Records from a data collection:

══════════

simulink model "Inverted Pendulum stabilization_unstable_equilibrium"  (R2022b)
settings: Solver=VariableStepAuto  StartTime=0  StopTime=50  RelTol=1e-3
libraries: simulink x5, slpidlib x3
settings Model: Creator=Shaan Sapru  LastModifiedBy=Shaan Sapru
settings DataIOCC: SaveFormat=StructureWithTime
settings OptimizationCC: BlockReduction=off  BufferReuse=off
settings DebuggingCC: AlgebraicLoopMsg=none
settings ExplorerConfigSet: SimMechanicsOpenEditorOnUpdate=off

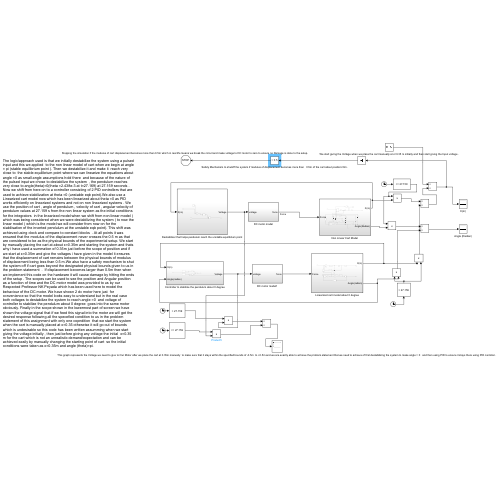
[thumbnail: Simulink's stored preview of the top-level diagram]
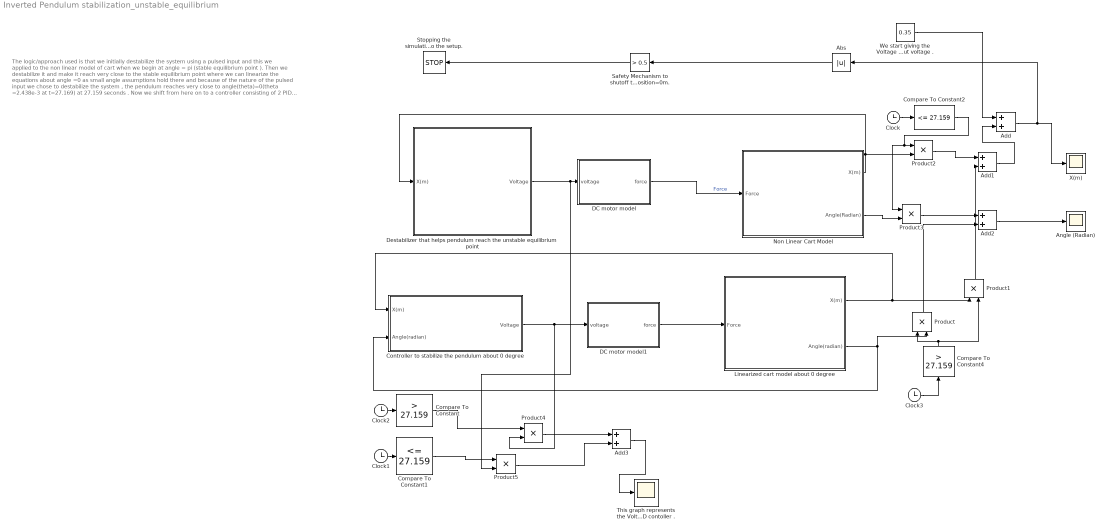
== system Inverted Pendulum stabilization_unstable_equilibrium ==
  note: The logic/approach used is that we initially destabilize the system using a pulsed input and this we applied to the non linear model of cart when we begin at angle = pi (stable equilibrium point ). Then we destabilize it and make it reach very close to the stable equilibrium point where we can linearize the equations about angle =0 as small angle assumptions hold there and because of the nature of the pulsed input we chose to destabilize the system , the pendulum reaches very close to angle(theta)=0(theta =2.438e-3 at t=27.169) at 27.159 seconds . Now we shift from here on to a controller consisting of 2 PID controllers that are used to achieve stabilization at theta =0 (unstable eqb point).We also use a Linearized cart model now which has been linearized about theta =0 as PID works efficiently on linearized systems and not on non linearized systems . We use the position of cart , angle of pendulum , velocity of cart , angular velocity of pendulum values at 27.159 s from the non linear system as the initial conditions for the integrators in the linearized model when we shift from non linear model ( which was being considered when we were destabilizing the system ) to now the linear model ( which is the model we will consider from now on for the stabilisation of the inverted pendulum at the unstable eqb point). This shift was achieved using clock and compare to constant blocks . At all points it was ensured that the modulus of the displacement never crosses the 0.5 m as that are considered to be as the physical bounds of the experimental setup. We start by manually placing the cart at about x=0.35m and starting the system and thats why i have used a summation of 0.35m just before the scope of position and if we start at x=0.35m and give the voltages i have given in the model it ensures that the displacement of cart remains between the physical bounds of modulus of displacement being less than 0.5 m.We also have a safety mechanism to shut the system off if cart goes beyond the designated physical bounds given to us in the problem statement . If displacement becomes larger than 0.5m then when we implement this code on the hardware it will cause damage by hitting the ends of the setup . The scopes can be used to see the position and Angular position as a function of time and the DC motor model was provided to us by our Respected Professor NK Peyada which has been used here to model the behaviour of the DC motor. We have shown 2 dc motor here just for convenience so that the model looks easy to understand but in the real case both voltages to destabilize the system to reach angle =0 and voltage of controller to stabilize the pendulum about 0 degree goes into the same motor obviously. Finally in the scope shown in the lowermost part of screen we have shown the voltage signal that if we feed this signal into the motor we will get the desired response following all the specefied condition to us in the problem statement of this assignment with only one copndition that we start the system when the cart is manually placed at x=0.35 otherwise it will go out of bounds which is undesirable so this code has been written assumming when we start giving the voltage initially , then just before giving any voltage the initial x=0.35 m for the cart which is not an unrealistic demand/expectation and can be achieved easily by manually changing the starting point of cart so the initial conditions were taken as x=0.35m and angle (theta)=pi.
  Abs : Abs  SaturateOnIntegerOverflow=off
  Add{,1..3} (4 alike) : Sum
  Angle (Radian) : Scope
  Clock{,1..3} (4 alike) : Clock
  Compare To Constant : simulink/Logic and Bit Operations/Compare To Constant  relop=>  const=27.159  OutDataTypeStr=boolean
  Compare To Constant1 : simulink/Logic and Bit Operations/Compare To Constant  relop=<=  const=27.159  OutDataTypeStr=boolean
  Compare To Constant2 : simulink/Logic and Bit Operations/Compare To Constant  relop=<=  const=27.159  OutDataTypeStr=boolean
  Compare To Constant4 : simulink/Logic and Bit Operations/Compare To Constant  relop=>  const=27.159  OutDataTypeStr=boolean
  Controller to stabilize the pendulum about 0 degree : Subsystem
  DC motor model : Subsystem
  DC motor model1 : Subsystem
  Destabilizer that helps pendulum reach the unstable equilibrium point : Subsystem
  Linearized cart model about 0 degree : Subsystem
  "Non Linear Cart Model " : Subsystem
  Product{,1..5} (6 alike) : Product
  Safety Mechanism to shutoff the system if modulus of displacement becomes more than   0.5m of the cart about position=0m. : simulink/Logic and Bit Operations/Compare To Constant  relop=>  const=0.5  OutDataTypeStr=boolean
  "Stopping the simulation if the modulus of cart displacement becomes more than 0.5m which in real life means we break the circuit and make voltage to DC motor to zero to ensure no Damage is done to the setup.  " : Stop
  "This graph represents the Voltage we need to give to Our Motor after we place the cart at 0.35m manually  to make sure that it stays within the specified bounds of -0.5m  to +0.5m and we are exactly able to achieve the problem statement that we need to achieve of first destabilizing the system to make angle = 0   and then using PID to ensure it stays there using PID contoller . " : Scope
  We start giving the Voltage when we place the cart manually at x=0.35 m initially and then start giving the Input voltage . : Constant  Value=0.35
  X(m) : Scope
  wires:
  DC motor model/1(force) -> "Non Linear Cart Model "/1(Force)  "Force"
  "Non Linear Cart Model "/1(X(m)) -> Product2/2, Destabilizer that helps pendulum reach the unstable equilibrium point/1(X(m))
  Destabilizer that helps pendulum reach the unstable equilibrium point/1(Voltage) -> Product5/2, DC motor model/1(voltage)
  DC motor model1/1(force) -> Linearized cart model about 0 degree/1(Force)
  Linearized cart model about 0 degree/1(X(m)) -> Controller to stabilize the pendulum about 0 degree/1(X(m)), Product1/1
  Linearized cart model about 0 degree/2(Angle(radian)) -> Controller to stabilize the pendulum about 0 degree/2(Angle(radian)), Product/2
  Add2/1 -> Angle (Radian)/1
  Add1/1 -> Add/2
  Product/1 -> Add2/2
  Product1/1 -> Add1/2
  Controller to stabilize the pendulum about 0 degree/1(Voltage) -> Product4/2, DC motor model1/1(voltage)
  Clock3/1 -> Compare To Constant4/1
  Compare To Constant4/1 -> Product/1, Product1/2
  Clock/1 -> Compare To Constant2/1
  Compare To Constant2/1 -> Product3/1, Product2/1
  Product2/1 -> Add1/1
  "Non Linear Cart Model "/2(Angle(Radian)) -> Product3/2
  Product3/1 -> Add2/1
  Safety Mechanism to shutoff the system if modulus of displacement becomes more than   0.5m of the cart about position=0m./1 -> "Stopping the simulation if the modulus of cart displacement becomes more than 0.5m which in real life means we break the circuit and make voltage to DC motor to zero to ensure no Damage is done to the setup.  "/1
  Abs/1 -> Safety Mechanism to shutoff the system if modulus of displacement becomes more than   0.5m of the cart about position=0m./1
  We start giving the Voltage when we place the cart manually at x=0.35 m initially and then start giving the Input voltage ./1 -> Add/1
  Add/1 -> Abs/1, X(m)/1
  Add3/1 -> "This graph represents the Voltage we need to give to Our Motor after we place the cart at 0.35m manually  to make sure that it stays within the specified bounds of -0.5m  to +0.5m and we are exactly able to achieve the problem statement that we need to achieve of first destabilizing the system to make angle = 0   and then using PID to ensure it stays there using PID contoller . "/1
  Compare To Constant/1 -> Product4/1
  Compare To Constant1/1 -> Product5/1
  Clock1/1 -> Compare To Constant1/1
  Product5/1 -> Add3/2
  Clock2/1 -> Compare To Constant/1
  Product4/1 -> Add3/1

══════════

Only the lines that contain the string "Force" are to be copied from the records.

Reply to the task:
  DC motor model/1(force) -> "Non Linear Cart Model "/1(Force)  "Force"
  DC motor model1/1(force) -> Linearized cart model about 0 degree/1(Force)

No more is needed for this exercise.